In general, make state and any modification to it as local as possible. For local variables, declare as late as possible, when a variable can be sensibly initialized. Try to avoid broadcasting mutability through public data, global and class static variables (which are essentially globals with scope etiquette), and modifier methods. Resist the temptation to mirror every getter with a setter.
Encapsulation is important, but the reason why it is important is more important. Encapsulation helps us reason about our code. In well-encapsulated code, there are fewer paths to follow as you try to understand it. Encapsulation isn’t an end in itself; it is a tool for understanding.
— Michael Feathers, Working Effectively with Legacy Code
The relationship between immutability and encapsulation is often overlooked. For (counter)example, a common code smell is methods or properties that return references to collections used as private representation. Not only does this expose and tie callers into a dependency on the private representation choice, it also grants them inappropriate — and often unintended — write-access to state.

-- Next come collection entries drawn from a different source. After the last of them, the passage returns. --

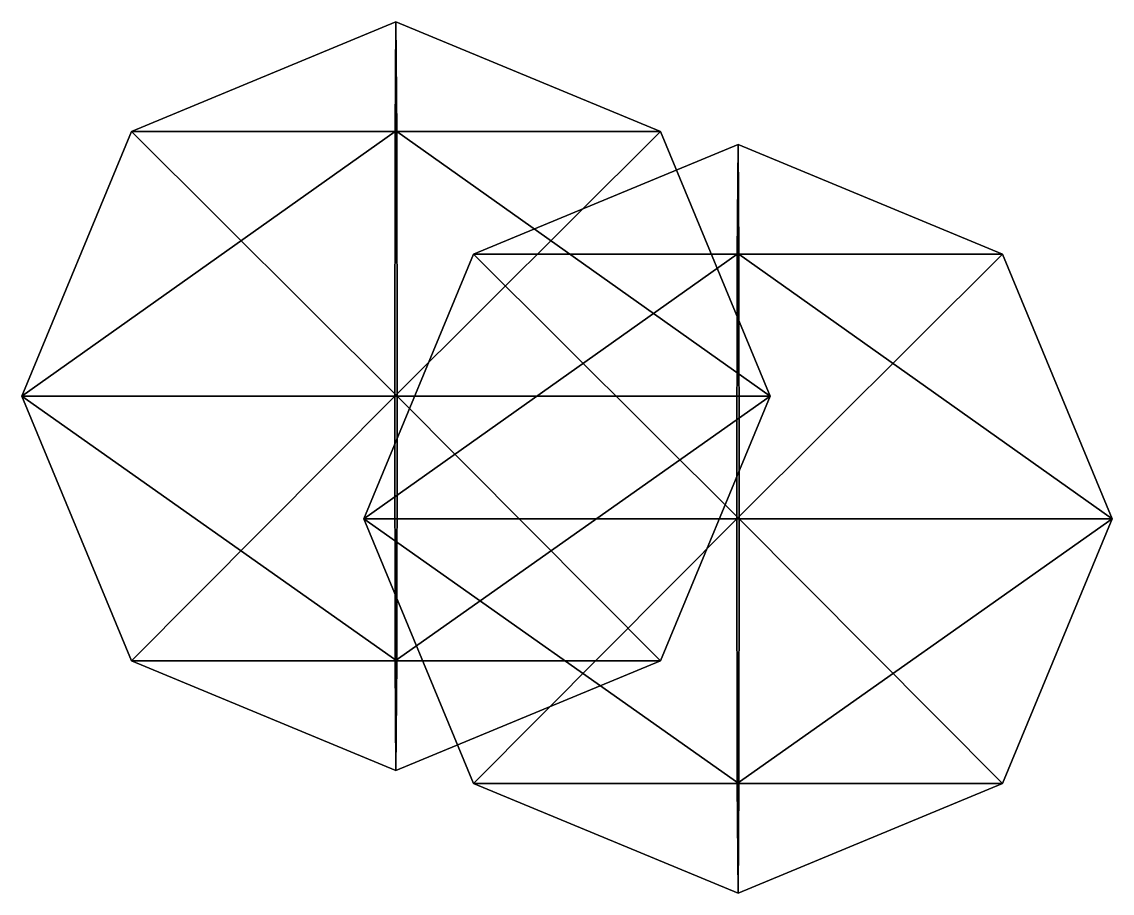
# Model space of a CAD drawing. Header units: metres. Extents: x -221 to 289, y -256 to 250.
# Drawn here: x -192.13 to -180.47, y -205.2 to -195.88 of the extents above; entities that cross this region are included whole.
import ezdxf

# ---------------------------------------------------------------- set-up
doc = ezdxf.new("R2010")
doc.units = ezdxf.units.M

msp = doc.modelspace()

# ---------------------------------------------------------------- linework, layer by layer
for p, q in [((-188.1301, -195.88477, -806.37885), (-190.95851, -197.05634, -806.3694)), ((-188.1301, -195.88477, -806.37885), (-188.13956, -197.05634, -809.2073)), ((-188.1301, -195.88477, -806.37885), (-185.30168, -197.05634, -806.3883)), ((-188.1301, -195.88477, -806.37885), (-188.12064, -197.05634, -803.5504)), ((-190.95851, -197.05634, -806.3694), (-192.13008, -199.88477, -806.3655)), ((-188.13956, -197.05634, -809.2073), (-192.13008, -199.88477, -806.3655)), ((-188.12064, -197.05634, -803.5504), (-190.95851, -197.05634, -806.3694)), ((-190.95851, -197.05634, -806.3694), (-188.13956, -197.05634, -809.2073)), ((-190.95851, -197.05634, -806.3694), (-188.11671, -199.88477, -802.37885)), ((-188.13956, -197.05634, -809.2073), (-188.14348, -199.88477, -810.37885)), ((-185.30168, -197.05634, -806.3883), (-188.14348, -199.88477, -810.37885)), ((-188.13956, -197.05634, -809.2073), (-185.30168, -197.05634, -806.3883)), ((-185.30168, -197.05634, -806.3883), (-188.12064, -197.05634, -803.5504)), ((-188.12064, -197.05634, -803.5504), (-184.13011, -199.88477, -806.3922)), ((-188.12064, -197.05634, -803.5504), (-188.11671, -199.88477, -802.37885)), ((-185.30168, -197.05634, -806.3883), (-184.13011, -199.88477, -806.3922)), ((-184.47287, -197.19757, -836.51965), (-187.30128, -198.36914, -836.5102)), ((-184.47287, -197.19757, -836.51965), (-184.48233, -198.36914, -839.3481)), ((-184.47287, -197.19757, -836.51965), (-181.64445, -198.36914, -836.5291)), ((-184.47287, -197.19757, -836.51965), (-184.46341, -198.36914, -833.6912)), ((-187.30128, -198.36914, -836.5102), (-188.47285, -201.19757, -836.5063)), ((-184.48233, -198.36914, -839.3481), (-188.47285, -201.19757, -836.5063)), ((-184.46341, -198.36914, -833.6912), (-187.30128, -198.36914, -836.5102)), ((-187.30128, -198.36914, -836.5102), (-184.48233, -198.36914, -839.3481)), ((-187.30128, -198.36914, -836.5102), (-184.45949, -201.19757, -832.51965)), ((-184.48233, -198.36914, -839.3481), (-184.48625, -201.19757, -840.51965)), ((-181.64445, -198.36914, -836.5291), (-184.48625, -201.19757, -840.51965)), ((-184.48233, -198.36914, -839.3481), (-181.64445, -198.36914, -836.5291)), ((-181.64445, -198.36914, -836.5291), (-184.46341, -198.36914, -833.6912)), ((-184.46341, -198.36914, -833.6912), (-180.47289, -201.19757, -836.533)), ((-184.46341, -198.36914, -833.6912), (-184.45949, -201.19757, -832.51965)), ((-181.64445, -198.36914, -836.5291), (-180.47289, -201.19757, -836.533)), ((-188.11671, -199.88477, -802.37885), (-192.13008, -199.88477, -806.3655)), ((-192.13008, -199.88477, -806.3655), (-188.14348, -199.88477, -810.37885)), ((-192.13008, -199.88477, -806.3655), (-188.12064, -202.7132, -803.5504)), ((-192.13008, -199.88477, -806.3655), (-190.95851, -202.7132, -806.3694)), ((-188.14348, -199.88477, -810.37885), (-190.95851, -202.7132, -806.3694)), ((-188.14348, -199.88477, -810.37885), (-184.13011, -199.88477, -806.3922)), ((-188.14348, -199.88477, -810.37885), (-188.13956, -202.7132, -809.2073)), ((-184.13011, -199.88477, -806.3922), (-188.13956, -202.7132, -809.2073)), ((-188.11671, -199.88477, -802.37885), (-188.12064, -202.7132, -803.5504)), ((-184.13011, -199.88477, -806.3922), (-188.11671, -199.88477, -802.37885)), ((-188.11671, -199.88477, -802.37885), (-185.30168, -202.7132, -806.3883)), ((-184.13011, -199.88477, -806.3922), (-185.30168, -202.7132, -806.3883)), ((-184.45949, -201.19757, -832.51965), (-188.47285, -201.19757, -836.5063)), ((-188.47285, -201.19757, -836.5063), (-184.48625, -201.19757, -840.51965)), ((-188.47285, -201.19757, -836.5063), (-184.46341, -204.026, -833.6912)), ((-188.47285, -201.19757, -836.5063), (-187.30128, -204.026, -836.5102)), ((-184.48625, -201.19757, -840.51965), (-187.30128, -204.026, -836.5102)), ((-184.48625, -201.19757, -840.51965), (-180.47289, -201.19757, -836.533)), ((-184.48625, -201.19757, -840.51965), (-184.48233, -204.026, -839.3481)), ((-180.47289, -201.19757, -836.533), (-184.48233, -204.026, -839.3481)), ((-184.45949, -201.19757, -832.51965), (-184.46341, -204.026, -833.6912)), ((-180.47289, -201.19757, -836.533), (-184.45949, -201.19757, -832.51965)), ((-184.45949, -201.19757, -832.51965), (-181.64445, -204.026, -836.5291)), ((-180.47289, -201.19757, -836.533), (-181.64445, -204.026, -836.5291)), ((-188.12064, -202.7132, -803.5504), (-190.95851, -202.7132, -806.3694)), ((-190.95851, -202.7132, -806.3694), (-188.13956, -202.7132, -809.2073)), ((-190.95851, -202.7132, -806.3694), (-188.1301, -203.88477, -806.37885)), ((-188.13956, -202.7132, -809.2073), (-185.30168, -202.7132, -806.3883)), ((-188.13956, -202.7132, -809.2073), (-188.1301, -203.88477, -806.37885)), ((-185.30168, -202.7132, -806.3883), (-188.1301, -203.88477, -806.37885)), ((-188.12064, -202.7132, -803.5504), (-188.1301, -203.88477, -806.37885)), ((-185.30168, -202.7132, -806.3883), (-188.12064, -202.7132, -803.5504)), ((-184.46341, -204.026, -833.6912), (-187.30128, -204.026, -836.5102)), ((-187.30128, -204.026, -836.5102), (-184.48233, -204.026, -839.3481)), ((-187.30128, -204.026, -836.5102), (-184.47287, -205.19757, -836.51965)), ((-184.48233, -204.026, -839.3481), (-181.64445, -204.026, -836.5291)), ((-184.48233, -204.026, -839.3481), (-184.47287, -205.19757, -836.51965)), ((-181.64445, -204.026, -836.5291), (-184.47287, -205.19757, -836.51965)), ((-184.46341, -204.026, -833.6912), (-184.47287, -205.19757, -836.51965)), ((-181.64445, -204.026, -836.5291), (-184.46341, -204.026, -833.6912))]:
    msp.add_line(p, q)
for points in [[(-188.12064, -197.05634, -803.5504), (-188.1301, -195.88477, -806.37885), (-190.95851, -197.05634, -806.3694), (-190.9584, -197.05623, -806.36926)], [(-190.95851, -197.05634, -806.3694), (-188.1301, -195.88477, -806.37885), (-188.13956, -197.05634, -809.2073), (-188.13945, -197.05623, -809.20715)], [(-188.13956, -197.05634, -809.2073), (-188.1301, -195.88477, -806.37885), (-185.30168, -197.05634, -806.3883), (-185.30157, -197.05623, -806.3882)], [(-185.30168, -197.05634, -806.3883), (-188.1301, -195.88477, -806.37885), (-188.12064, -197.05634, -803.5504), (-188.12053, -197.05623, -803.5503)], [(-192.13008, -199.88477, -806.3655), (-190.95851, -197.05634, -806.3694), (-188.13956, -197.05634, -809.2073), (-188.13945, -197.05623, -809.20715)], [(-188.11671, -199.88477, -802.37885), (-190.95851, -197.05634, -806.3694), (-192.13008, -199.88477, -806.3655), (-192.12997, -199.88466, -806.36536)], [(-192.13008, -199.88477, -806.3655), (-188.13956, -197.05634, -809.2073), (-188.14348, -199.88477, -810.37885), (-188.14337, -199.88466, -810.3787)], [(-188.11671, -199.88477, -802.37885), (-188.12064, -197.05634, -803.5504), (-190.95851, -197.05634, -806.3694), (-190.9584, -197.05623, -806.36926)], [(-188.14348, -199.88477, -810.37885), (-188.13956, -197.05634, -809.2073), (-185.30168, -197.05634, -806.3883), (-185.30157, -197.05623, -806.3882)], [(-188.14348, -199.88477, -810.37885), (-185.30168, -197.05634, -806.3883), (-184.13011, -199.88477, -806.3922), (-184.13, -199.88466, -806.3921)], [(-184.13011, -199.88477, -806.3922), (-185.30168, -197.05634, -806.3883), (-188.12064, -197.05634, -803.5504), (-188.12053, -197.05623, -803.5503)], [(-184.13011, -199.88477, -806.3922), (-188.12064, -197.05634, -803.5504), (-188.11671, -199.88477, -802.37885), (-188.11661, -199.88466, -802.3787)], [(-184.46341, -198.36914, -833.6912), (-184.47287, -197.19757, -836.51965), (-187.30128, -198.36914, -836.5102), (-187.30118, -198.36903, -836.5101)], [(-187.30128, -198.36914, -836.5102), (-184.47287, -197.19757, -836.51965), (-184.48233, -198.36914, -839.3481), (-184.48222, -198.36903, -839.34796)], [(-184.48233, -198.36914, -839.3481), (-184.47287, -197.19757, -836.51965), (-181.64445, -198.36914, -836.5291), (-181.64435, -198.36903, -836.529)], [(-181.64445, -198.36914, -836.5291), (-184.47287, -197.19757, -836.51965), (-184.46341, -198.36914, -833.6912), (-184.4633, -198.36903, -833.6911)], [(-188.47285, -201.19757, -836.5063), (-187.30128, -198.36914, -836.5102), (-184.48233, -198.36914, -839.3481), (-184.48222, -198.36903, -839.34796)], [(-184.45949, -201.19757, -832.51965), (-187.30128, -198.36914, -836.5102), (-188.47285, -201.19757, -836.5063), (-188.47275, -201.19746, -836.50616)], [(-188.47285, -201.19757, -836.5063), (-184.48233, -198.36914, -839.3481), (-184.48625, -201.19757, -840.51965), (-184.48615, -201.19746, -840.51953)], [(-184.45949, -201.19757, -832.51965), (-184.46341, -198.36914, -833.6912), (-187.30128, -198.36914, -836.5102), (-187.30118, -198.36903, -836.5101)], [(-184.48625, -201.19757, -840.51965), (-184.48233, -198.36914, -839.3481), (-181.64445, -198.36914, -836.5291), (-181.64435, -198.36903, -836.529)], [(-184.48625, -201.19757, -840.51965), (-181.64445, -198.36914, -836.5291), (-180.47289, -201.19757, -836.533), (-180.47278, -201.19746, -836.5329)], [(-180.47289, -201.19757, -836.533), (-181.64445, -198.36914, -836.5291), (-184.46341, -198.36914, -833.6912), (-184.4633, -198.36903, -833.6911)], [(-180.47289, -201.19757, -836.533), (-184.46341, -198.36914, -833.6912), (-184.45949, -201.19757, -832.51965), (-184.45938, -201.19746, -832.51953)], [(-188.14348, -199.88477, -810.37885), (-188.14348, -199.88477, -810.37885), (-192.13008, -199.88477, -806.3655), (-192.12997, -199.88466, -806.36536)], [(-188.12064, -202.7132, -803.5504), (-188.11671, -199.88477, -802.37885), (-192.13008, -199.88477, -806.3655), (-192.12997, -199.88466, -806.36536)], [(-190.95851, -202.7132, -806.3694), (-192.13008, -199.88477, -806.3655), (-188.14348, -199.88477, -810.37885), (-188.14337, -199.88466, -810.3787)], [(-188.12064, -202.7132, -803.5504), (-192.13008, -199.88477, -806.3655), (-190.95851, -202.7132, -806.3694), (-190.9584, -202.71309, -806.36926)], [(-190.95851, -202.7132, -806.3694), (-188.14348, -199.88477, -810.37885), (-188.13956, -202.7132, -809.2073), (-188.13945, -202.71309, -809.20715)], [(-188.13956, -202.7132, -809.2073), (-188.14348, -199.88477, -810.37885), (-184.13011, -199.88477, -806.3922), (-184.13, -199.88466, -806.3921)], [(-188.13956, -202.7132, -809.2073), (-184.13011, -199.88477, -806.3922), (-185.30168, -202.7132, -806.3883), (-185.30157, -202.71309, -806.3882)], [(-185.30168, -202.7132, -806.3883), (-188.11671, -199.88477, -802.37885), (-188.12064, -202.7132, -803.5504), (-188.12053, -202.71309, -803.5503)], [(-185.30168, -202.7132, -806.3883), (-184.13011, -199.88477, -806.3922), (-188.11671, -199.88477, -802.37885), (-188.11661, -199.88466, -802.3787)], [(-184.48625, -201.19757, -840.51965), (-184.48625, -201.19757, -840.51965), (-188.47285, -201.19757, -836.5063), (-188.47275, -201.19746, -836.50616)], [(-184.46341, -204.026, -833.6912), (-184.45949, -201.19757, -832.51965), (-188.47285, -201.19757, -836.5063), (-188.47275, -201.19746, -836.50616)], [(-187.30128, -204.026, -836.5102), (-188.47285, -201.19757, -836.5063), (-184.48625, -201.19757, -840.51965), (-184.48615, -201.19746, -840.51953)], [(-184.46341, -204.026, -833.6912), (-188.47285, -201.19757, -836.5063), (-187.30128, -204.026, -836.5102), (-187.30118, -204.0259, -836.5101)], [(-187.30128, -204.026, -836.5102), (-184.48625, -201.19757, -840.51965), (-184.48233, -204.026, -839.3481), (-184.48222, -204.0259, -839.34796)], [(-184.48233, -204.026, -839.3481), (-184.48625, -201.19757, -840.51965), (-180.47289, -201.19757, -836.533), (-180.47278, -201.19746, -836.5329)], [(-184.48233, -204.026, -839.3481), (-180.47289, -201.19757, -836.533), (-181.64445, -204.026, -836.5291), (-181.64435, -204.0259, -836.529)], [(-181.64445, -204.026, -836.5291), (-184.45949, -201.19757, -832.51965), (-184.46341, -204.026, -833.6912), (-184.4633, -204.0259, -833.6911)], [(-181.64445, -204.026, -836.5291), (-180.47289, -201.19757, -836.533), (-184.45949, -201.19757, -832.51965), (-184.45938, -201.19746, -832.51953)], [(-188.13956, -202.7132, -809.2073), (-188.13956, -202.7132, -809.2073), (-190.95851, -202.7132, -806.3694), (-190.9584, -202.71309, -806.36926)], [(-188.1301, -203.88477, -806.37885), (-188.12064, -202.7132, -803.5504), (-190.95851, -202.7132, -806.3694), (-190.9584, -202.71309, -806.36926)], [(-188.1301, -203.88477, -806.37885), (-190.95851, -202.7132, -806.3694), (-188.13956, -202.7132, -809.2073), (-188.13945, -202.71309, -809.20715)], [(-188.1301, -203.88477, -806.37885), (-188.13956, -202.7132, -809.2073), (-185.30168, -202.7132, -806.3883), (-185.30157, -202.71309, -806.3882)], [(-188.1301, -203.88477, -806.37885), (-185.30168, -202.7132, -806.3883), (-188.12064, -202.7132, -803.5504), (-188.12053, -202.71309, -803.5503)], [(-184.48233, -204.026, -839.3481), (-184.48233, -204.026, -839.3481), (-187.30128, -204.026, -836.5102), (-187.30118, -204.0259, -836.5101)], [(-184.47287, -205.19757, -836.51965), (-184.46341, -204.026, -833.6912), (-187.30128, -204.026, -836.5102), (-187.30118, -204.0259, -836.5101)], [(-184.47287, -205.19757, -836.51965), (-187.30128, -204.026, -836.5102), (-184.48233, -204.026, -839.3481), (-184.48222, -204.0259, -839.34796)], [(-184.47287, -205.19757, -836.51965), (-184.48233, -204.026, -839.3481), (-181.64445, -204.026, -836.5291), (-181.64435, -204.0259, -836.529)], [(-184.47287, -205.19757, -836.51965), (-181.64445, -204.026, -836.5291), (-184.46341, -204.026, -833.6912), (-184.4633, -204.0259, -833.6911)]]:
    msp.add_3dface(points)

doc.saveas('drawing.dxf')

In addition to traversal and query, they can now modify the collection content, breaking any invariant protection that encapsulation was supposed to offer. That no-nulls and no-duplicates guarantee? No longer a guarantee. Anyone can insert nulls and duplicates once you’ve invited them in!
Never ever invite a vampire into your house. And why? Because it renders you powerless.
Instead of handing out the whole collection, which allows others to undermine an object’s integrity, consider offering an iterable or streamable view of the elements. This takes different forms in different languages and libraries: Iterator or Stream in Java; IEnumerator, IEnumerable, and LINQ in C#; iterators and ranges in C++; iterators, iterables, and __iter__ in Python. By restricting callers to views, they can look but they can’t touch and, therefore, can’t break.
Much code that we consider complex is considered complex because of the mental highwire act we perform when trying to understand what (the hell) is going on. The more that things can change — and the more that changes depend on one another — the harder it becomes to reason about them correctly and confidently. Thinking about code should not be a circus performance. The name for code we can’t reason about? Unreasonable. Immutability makes code more reasonable.
When it is not necessary to change, it is necessary not to change.
— Lucius Cary
Restricting mutability of state is not, however, some kind of silver bullet you can use to shoot down all defects. The resulting code simplification and improvements in encapsulation nonetheless make it less likely you will introduce defects, and more likely you can change code with confidence rather than trepidation.